Which lines in the records below mention the word "pacientes"? Copy each one out.

═══ DATA RECORDS ═══

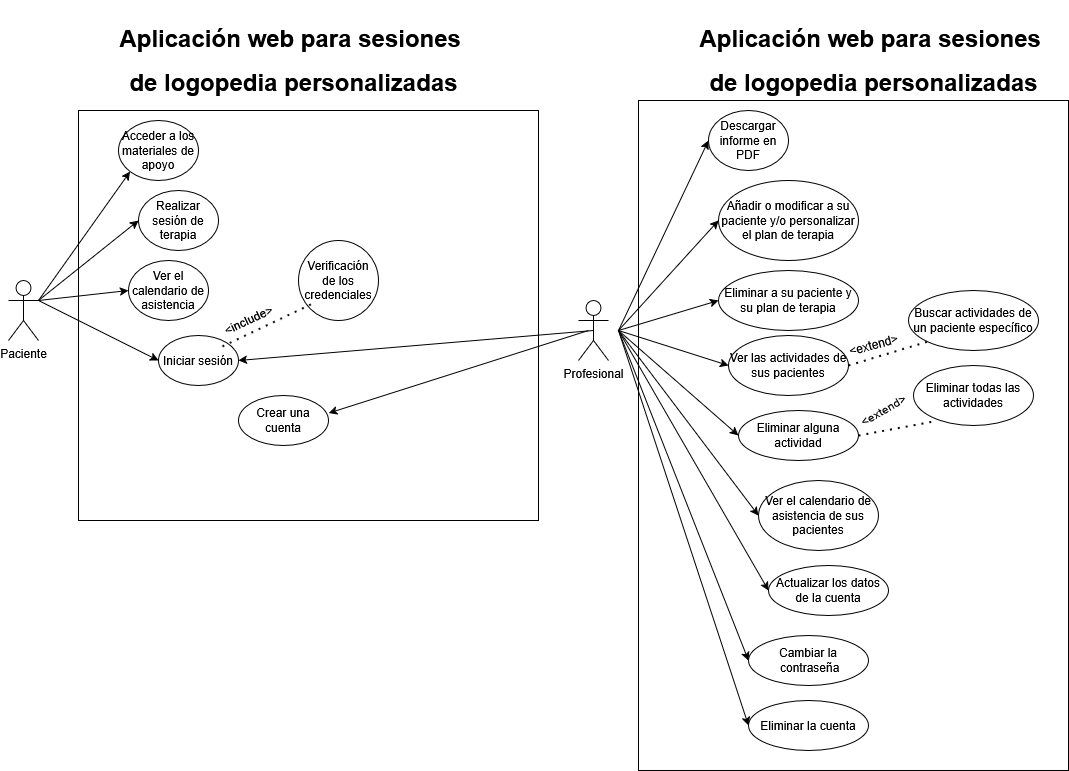

The diagram above was exported from draw.io. Its source (the exported page's mxGraphModel, read from the mxfile embedded in the PNG):
<mxGraphModel dx="1669" dy="469" grid="1" gridSize="10" guides="1" tooltips="1" connect="1" arrows="1" fold="1" page="1" pageScale="1" pageWidth="850" pageHeight="1100" math="0" shadow="0">
  <root>
    <mxCell id="0" />
    <mxCell id="1" parent="0" />
    <mxCell id="KiD5zW_gZ5dzz_I3a6k4-1" value="" style="rounded=0;whiteSpace=wrap;html=1;" parent="1" vertex="1">
      <mxGeometry x="30" y="190" width="460" height="410" as="geometry" />
    </mxCell>
    <mxCell id="KiD5zW_gZ5dzz_I3a6k4-2" value="Paciente" style="shape=umlActor;verticalLabelPosition=bottom;verticalAlign=top;html=1;outlineConnect=0;" parent="1" vertex="1">
      <mxGeometry x="-40" y="360" width="30" height="60" as="geometry" />
    </mxCell>
    <mxCell id="KiD5zW_gZ5dzz_I3a6k4-5" value="Iniciar sesión " style="ellipse;whiteSpace=wrap;html=1;" parent="1" vertex="1">
      <mxGeometry x="110" y="415" width="80" height="50" as="geometry" />
    </mxCell>
    <mxCell id="KiD5zW_gZ5dzz_I3a6k4-6" value="Verificación de los credenciales" style="ellipse;whiteSpace=wrap;html=1;aspect=fixed;" parent="1" vertex="1">
      <mxGeometry x="250" y="320" width="80" height="80" as="geometry" />
    </mxCell>
    <mxCell id="KiD5zW_gZ5dzz_I3a6k4-8" value="&amp;lt;include&amp;gt;" style="text;html=1;align=center;verticalAlign=middle;resizable=0;points=[];autosize=1;strokeColor=none;fillColor=none;rotation=-25;" parent="1" vertex="1">
      <mxGeometry x="160" y="385" width="80" height="30" as="geometry" />
    </mxCell>
    <mxCell id="KiD5zW_gZ5dzz_I3a6k4-9" value="" style="endArrow=none;dashed=1;html=1;dashPattern=1 3;strokeWidth=2;rounded=0;entryX=0.157;entryY=0.798;entryDx=0;entryDy=0;entryPerimeter=0;exitX=0.799;exitY=0.219;exitDx=0;exitDy=0;exitPerimeter=0;" parent="1" source="KiD5zW_gZ5dzz_I3a6k4-5" target="KiD5zW_gZ5dzz_I3a6k4-6" edge="1">
      <mxGeometry width="50" height="50" relative="1" as="geometry">
        <mxPoint x="180" y="400" as="sourcePoint" />
        <mxPoint x="230" y="350" as="targetPoint" />
      </mxGeometry>
    </mxCell>
    <mxCell id="KiD5zW_gZ5dzz_I3a6k4-10" value="Realizar sesión de terapia" style="ellipse;whiteSpace=wrap;html=1;" parent="1" vertex="1">
      <mxGeometry x="90" y="270" width="80" height="60" as="geometry" />
    </mxCell>
    <mxCell id="KiD5zW_gZ5dzz_I3a6k4-11" value="Acceder a los materiales de apoyo" style="ellipse;whiteSpace=wrap;html=1;" parent="1" vertex="1">
      <mxGeometry x="70" y="200" width="80" height="60" as="geometry" />
    </mxCell>
    <mxCell id="KiD5zW_gZ5dzz_I3a6k4-12" value="" style="endArrow=classic;html=1;rounded=0;entryX=0;entryY=0.5;entryDx=0;entryDy=0;" parent="1" target="KiD5zW_gZ5dzz_I3a6k4-5" edge="1">
      <mxGeometry width="50" height="50" relative="1" as="geometry">
        <mxPoint x="-10" y="380" as="sourcePoint" />
        <mxPoint x="230" y="370" as="targetPoint" />
      </mxGeometry>
    </mxCell>
    <mxCell id="KiD5zW_gZ5dzz_I3a6k4-13" value="" style="endArrow=classic;html=1;rounded=0;exitX=1;exitY=0.3333333333333333;exitDx=0;exitDy=0;exitPerimeter=0;entryX=0;entryY=0.5;entryDx=0;entryDy=0;" parent="1" source="KiD5zW_gZ5dzz_I3a6k4-2" target="KiD5zW_gZ5dzz_I3a6k4-10" edge="1">
      <mxGeometry width="50" height="50" relative="1" as="geometry">
        <mxPoint x="180" y="420" as="sourcePoint" />
        <mxPoint x="230" y="370" as="targetPoint" />
      </mxGeometry>
    </mxCell>
    <mxCell id="KiD5zW_gZ5dzz_I3a6k4-14" value="" style="endArrow=classic;html=1;rounded=0;exitX=1;exitY=0.3333333333333333;exitDx=0;exitDy=0;exitPerimeter=0;entryX=0;entryY=1;entryDx=0;entryDy=0;" parent="1" source="KiD5zW_gZ5dzz_I3a6k4-2" target="KiD5zW_gZ5dzz_I3a6k4-11" edge="1">
      <mxGeometry width="50" height="50" relative="1" as="geometry">
        <mxPoint x="180" y="420" as="sourcePoint" />
        <mxPoint x="230" y="370" as="targetPoint" />
      </mxGeometry>
    </mxCell>
    <mxCell id="KiD5zW_gZ5dzz_I3a6k4-15" value="Profesional" style="shape=umlActor;verticalLabelPosition=bottom;verticalAlign=top;html=1;outlineConnect=0;" parent="1" vertex="1">
      <mxGeometry x="530" y="380" width="30" height="60" as="geometry" />
    </mxCell>
    <mxCell id="KiD5zW_gZ5dzz_I3a6k4-16" value="" style="endArrow=classic;html=1;rounded=0;entryX=1;entryY=0.5;entryDx=0;entryDy=0;exitX=0.5;exitY=0.5;exitDx=0;exitDy=0;exitPerimeter=0;" parent="1" source="KiD5zW_gZ5dzz_I3a6k4-15" target="KiD5zW_gZ5dzz_I3a6k4-5" edge="1">
      <mxGeometry width="50" height="50" relative="1" as="geometry">
        <mxPoint x="330" y="430" as="sourcePoint" />
        <mxPoint x="380" y="380" as="targetPoint" />
      </mxGeometry>
    </mxCell>
    <mxCell id="KiD5zW_gZ5dzz_I3a6k4-17" value="Crear una cuenta" style="ellipse;whiteSpace=wrap;html=1;" parent="1" vertex="1">
      <mxGeometry x="190" y="475" width="90" height="50" as="geometry" />
    </mxCell>
    <mxCell id="KiD5zW_gZ5dzz_I3a6k4-18" value="" style="endArrow=classic;html=1;rounded=0;entryX=1.002;entryY=0.352;entryDx=0;entryDy=0;entryPerimeter=0;" parent="1" target="KiD5zW_gZ5dzz_I3a6k4-17" edge="1">
      <mxGeometry width="50" height="50" relative="1" as="geometry">
        <mxPoint x="540" y="410" as="sourcePoint" />
        <mxPoint x="380" y="380" as="targetPoint" />
      </mxGeometry>
    </mxCell>
    <mxCell id="KiD5zW_gZ5dzz_I3a6k4-34" value="" style="rounded=0;whiteSpace=wrap;html=1;" parent="1" vertex="1">
      <mxGeometry x="590" y="180" width="430" height="670" as="geometry" />
    </mxCell>
    <mxCell id="KiD5zW_gZ5dzz_I3a6k4-35" value="Descargar informe en PDF" style="ellipse;whiteSpace=wrap;html=1;" parent="1" vertex="1">
      <mxGeometry x="660" y="190" width="80" height="60" as="geometry" />
    </mxCell>
    <mxCell id="KiD5zW_gZ5dzz_I3a6k4-36" value="Eliminar a su paciente y su plan de terapia" style="ellipse;whiteSpace=wrap;html=1;" parent="1" vertex="1">
      <mxGeometry x="670" y="350" width="140" height="60" as="geometry" />
    </mxCell>
    <mxCell id="KiD5zW_gZ5dzz_I3a6k4-37" value="Ver las actividades de sus pacientes" style="ellipse;whiteSpace=wrap;html=1;" parent="1" vertex="1">
      <mxGeometry x="680" y="415" width="120" height="60" as="geometry" />
    </mxCell>
    <mxCell id="KiD5zW_gZ5dzz_I3a6k4-38" value="Eliminar alguna actividad" style="ellipse;whiteSpace=wrap;html=1;" parent="1" vertex="1">
      <mxGeometry x="690" y="490" width="120" height="50" as="geometry" />
    </mxCell>
    <mxCell id="KiD5zW_gZ5dzz_I3a6k4-40" value="Buscar actividades de un paciente específico " style="ellipse;whiteSpace=wrap;html=1;" parent="1" vertex="1">
      <mxGeometry x="860" y="370" width="130" height="60" as="geometry" />
    </mxCell>
    <mxCell id="KiD5zW_gZ5dzz_I3a6k4-43" value="&amp;lt;extend&amp;gt;" style="text;html=1;align=center;verticalAlign=middle;resizable=0;points=[];autosize=1;strokeColor=none;fillColor=none;rotation=-30;" parent="1" vertex="1">
      <mxGeometry x="800" y="475" width="70" height="30" as="geometry" />
    </mxCell>
    <mxCell id="KiD5zW_gZ5dzz_I3a6k4-44" value="&amp;lt;extend&amp;gt;" style="text;html=1;align=center;verticalAlign=middle;resizable=0;points=[];autosize=1;strokeColor=none;fillColor=none;rotation=-15;" parent="1" vertex="1">
      <mxGeometry x="790" y="410" width="70" height="30" as="geometry" />
    </mxCell>
    <mxCell id="KiD5zW_gZ5dzz_I3a6k4-45" value="Ver el calendario de asistencia de sus pacientes" style="ellipse;whiteSpace=wrap;html=1;" parent="1" vertex="1">
      <mxGeometry x="710" y="560" width="120" height="70" as="geometry" />
    </mxCell>
    <mxCell id="KiD5zW_gZ5dzz_I3a6k4-46" value="Actualizar los datos de la cuenta" style="ellipse;whiteSpace=wrap;html=1;" parent="1" vertex="1">
      <mxGeometry x="720" y="645" width="120" height="50" as="geometry" />
    </mxCell>
    <mxCell id="KiD5zW_gZ5dzz_I3a6k4-47" value="&lt;div&gt;Cambiar la&lt;/div&gt;&lt;div&gt;&amp;nbsp;contraseña&lt;/div&gt;" style="ellipse;whiteSpace=wrap;html=1;" parent="1" vertex="1">
      <mxGeometry x="700" y="715" width="120" height="50" as="geometry" />
    </mxCell>
    <mxCell id="KiD5zW_gZ5dzz_I3a6k4-48" value="Eliminar la cuenta" style="ellipse;whiteSpace=wrap;html=1;" parent="1" vertex="1">
      <mxGeometry x="700" y="780" width="120" height="50" as="geometry" />
    </mxCell>
    <mxCell id="KiD5zW_gZ5dzz_I3a6k4-39" value="Eliminar todas las actividades" style="ellipse;whiteSpace=wrap;html=1;" parent="1" vertex="1">
      <mxGeometry x="865" y="445" width="120" height="60" as="geometry" />
    </mxCell>
    <mxCell id="KiD5zW_gZ5dzz_I3a6k4-51" value="" style="endArrow=classic;html=1;rounded=0;entryX=0;entryY=0.5;entryDx=0;entryDy=0;" parent="1" target="KiD5zW_gZ5dzz_I3a6k4-35" edge="1">
      <mxGeometry width="50" height="50" relative="1" as="geometry">
        <mxPoint x="570" y="410" as="sourcePoint" />
        <mxPoint x="590" y="460" as="targetPoint" />
      </mxGeometry>
    </mxCell>
    <mxCell id="KiD5zW_gZ5dzz_I3a6k4-52" value="" style="endArrow=classic;html=1;rounded=0;entryX=0;entryY=0.5;entryDx=0;entryDy=0;" parent="1" target="KiD5zW_gZ5dzz_I3a6k4-36" edge="1">
      <mxGeometry width="50" height="50" relative="1" as="geometry">
        <mxPoint x="570" y="410" as="sourcePoint" />
        <mxPoint x="590" y="460" as="targetPoint" />
      </mxGeometry>
    </mxCell>
    <mxCell id="KiD5zW_gZ5dzz_I3a6k4-55" value="" style="endArrow=classic;html=1;rounded=0;entryX=0;entryY=0.5;entryDx=0;entryDy=0;" parent="1" target="KiD5zW_gZ5dzz_I3a6k4-45" edge="1">
      <mxGeometry width="50" height="50" relative="1" as="geometry">
        <mxPoint x="570" y="410" as="sourcePoint" />
        <mxPoint x="590" y="460" as="targetPoint" />
      </mxGeometry>
    </mxCell>
    <mxCell id="KiD5zW_gZ5dzz_I3a6k4-56" value="" style="endArrow=classic;html=1;rounded=0;entryX=0;entryY=0.5;entryDx=0;entryDy=0;" parent="1" target="KiD5zW_gZ5dzz_I3a6k4-46" edge="1">
      <mxGeometry width="50" height="50" relative="1" as="geometry">
        <mxPoint x="570" y="410" as="sourcePoint" />
        <mxPoint x="590" y="460" as="targetPoint" />
      </mxGeometry>
    </mxCell>
    <mxCell id="KiD5zW_gZ5dzz_I3a6k4-57" value="" style="endArrow=classic;html=1;rounded=0;entryX=0;entryY=0.5;entryDx=0;entryDy=0;" parent="1" target="KiD5zW_gZ5dzz_I3a6k4-47" edge="1">
      <mxGeometry width="50" height="50" relative="1" as="geometry">
        <mxPoint x="570" y="410" as="sourcePoint" />
        <mxPoint x="590" y="460" as="targetPoint" />
      </mxGeometry>
    </mxCell>
    <mxCell id="KiD5zW_gZ5dzz_I3a6k4-58" value="" style="endArrow=classic;html=1;rounded=0;entryX=0;entryY=0.5;entryDx=0;entryDy=0;" parent="1" target="KiD5zW_gZ5dzz_I3a6k4-48" edge="1">
      <mxGeometry width="50" height="50" relative="1" as="geometry">
        <mxPoint x="570" y="410" as="sourcePoint" />
        <mxPoint x="590" y="460" as="targetPoint" />
      </mxGeometry>
    </mxCell>
    <mxCell id="KiD5zW_gZ5dzz_I3a6k4-59" value="&lt;h1 dir=&quot;auto&quot; class=&quot;_ap3a _aaco _aacu _aacx _aad7 _aade&quot;&gt;Aplicación web para sesiones&amp;nbsp;&lt;/h1&gt;&lt;h1 dir=&quot;auto&quot; class=&quot;_ap3a _aaco _aacu _aacx _aad7 _aade&quot;&gt;de logopedia personalizadas&lt;/h1&gt;" style="text;html=1;align=center;verticalAlign=middle;resizable=0;points=[];autosize=1;strokeColor=none;fillColor=none;" parent="1" vertex="1">
      <mxGeometry x="60" y="80" width="370" height="120" as="geometry" />
    </mxCell>
    <mxCell id="KiD5zW_gZ5dzz_I3a6k4-60" value="&lt;h1 dir=&quot;auto&quot; class=&quot;_ap3a _aaco _aacu _aacx _aad7 _aade&quot;&gt;Aplicación web para sesiones&amp;nbsp;&lt;/h1&gt;&lt;h1 dir=&quot;auto&quot; class=&quot;_ap3a _aaco _aacu _aacx _aad7 _aade&quot;&gt;de logopedia personalizadas&lt;/h1&gt;" style="text;html=1;align=center;verticalAlign=middle;resizable=0;points=[];autosize=1;strokeColor=none;fillColor=none;" parent="1" vertex="1">
      <mxGeometry x="640" y="80" width="370" height="120" as="geometry" />
    </mxCell>
    <mxCell id="KiD5zW_gZ5dzz_I3a6k4-61" value="Añadir o modificar a su paciente y/o personalizar el plan de terapia" style="ellipse;whiteSpace=wrap;html=1;" parent="1" vertex="1">
      <mxGeometry x="670" y="260" width="140" height="80" as="geometry" />
    </mxCell>
    <mxCell id="KiD5zW_gZ5dzz_I3a6k4-62" value="" style="endArrow=classic;html=1;rounded=0;entryX=0;entryY=0.5;entryDx=0;entryDy=0;" parent="1" target="KiD5zW_gZ5dzz_I3a6k4-61" edge="1">
      <mxGeometry width="50" height="50" relative="1" as="geometry">
        <mxPoint x="570" y="410" as="sourcePoint" />
        <mxPoint x="680" y="390" as="targetPoint" />
      </mxGeometry>
    </mxCell>
    <mxCell id="KiD5zW_gZ5dzz_I3a6k4-63" value="" style="endArrow=classic;html=1;rounded=0;" parent="1" source="KiD5zW_gZ5dzz_I3a6k4-34" edge="1">
      <mxGeometry width="50" height="50" relative="1" as="geometry">
        <mxPoint x="540" y="540" as="sourcePoint" />
        <mxPoint x="590" y="490" as="targetPoint" />
      </mxGeometry>
    </mxCell>
    <mxCell id="KiD5zW_gZ5dzz_I3a6k4-65" value="" style="endArrow=classic;html=1;rounded=0;entryX=0;entryY=0.5;entryDx=0;entryDy=0;" parent="1" target="KiD5zW_gZ5dzz_I3a6k4-37" edge="1">
      <mxGeometry width="50" height="50" relative="1" as="geometry">
        <mxPoint x="570" y="410" as="sourcePoint" />
        <mxPoint x="590" y="490" as="targetPoint" />
      </mxGeometry>
    </mxCell>
    <mxCell id="KiD5zW_gZ5dzz_I3a6k4-66" value="" style="endArrow=none;dashed=1;html=1;dashPattern=1 3;strokeWidth=2;rounded=0;entryX=0.181;entryY=0.929;entryDx=0;entryDy=0;entryPerimeter=0;exitX=1;exitY=0.5;exitDx=0;exitDy=0;" parent="1" source="KiD5zW_gZ5dzz_I3a6k4-38" target="KiD5zW_gZ5dzz_I3a6k4-39" edge="1">
      <mxGeometry width="50" height="50" relative="1" as="geometry">
        <mxPoint x="540" y="500" as="sourcePoint" />
        <mxPoint x="590" y="450" as="targetPoint" />
      </mxGeometry>
    </mxCell>
    <mxCell id="KiD5zW_gZ5dzz_I3a6k4-68" value="" style="endArrow=classic;html=1;rounded=0;entryX=0;entryY=0.5;entryDx=0;entryDy=0;" parent="1" target="KiD5zW_gZ5dzz_I3a6k4-38" edge="1">
      <mxGeometry width="50" height="50" relative="1" as="geometry">
        <mxPoint x="570" y="410" as="sourcePoint" />
        <mxPoint x="590" y="450" as="targetPoint" />
      </mxGeometry>
    </mxCell>
    <mxCell id="KiD5zW_gZ5dzz_I3a6k4-69" value="" style="endArrow=none;dashed=1;html=1;dashPattern=1 3;strokeWidth=2;rounded=0;entryX=0;entryY=1;entryDx=0;entryDy=0;exitX=1;exitY=0.5;exitDx=0;exitDy=0;" parent="1" source="KiD5zW_gZ5dzz_I3a6k4-37" target="KiD5zW_gZ5dzz_I3a6k4-40" edge="1">
      <mxGeometry width="50" height="50" relative="1" as="geometry">
        <mxPoint x="540" y="500" as="sourcePoint" />
        <mxPoint x="590" y="450" as="targetPoint" />
      </mxGeometry>
    </mxCell>
    <mxCell id="h-83EE9UYfmzfZC8187x-1" value="Ver el calendario de asistencia " style="ellipse;whiteSpace=wrap;html=1;" vertex="1" parent="1">
      <mxGeometry x="80" y="340" width="80" height="60" as="geometry" />
    </mxCell>
    <mxCell id="h-83EE9UYfmzfZC8187x-2" value="" style="endArrow=classic;html=1;rounded=0;exitX=1;exitY=0.3333333333333333;exitDx=0;exitDy=0;exitPerimeter=0;entryX=0;entryY=0.5;entryDx=0;entryDy=0;" edge="1" parent="1" source="KiD5zW_gZ5dzz_I3a6k4-2" target="h-83EE9UYfmzfZC8187x-1">
      <mxGeometry width="50" height="50" relative="1" as="geometry">
        <mxPoint y="390" as="sourcePoint" />
        <mxPoint x="100" y="310" as="targetPoint" />
      </mxGeometry>
    </mxCell>
  </root>
</mxGraphModel>

═══

FINISHED TASK:
    <mxCell id="KiD5zW_gZ5dzz_I3a6k4-37" value="Ver las actividades de sus pacientes" style="ellipse;whiteSpace=wrap;html=1;" parent="1" vertex="1">
    <mxCell id="KiD5zW_gZ5dzz_I3a6k4-45" value="Ver el calendario de asistencia de sus pacientes" style="ellipse;whiteSpace=wrap;html=1;" parent="1" vertex="1">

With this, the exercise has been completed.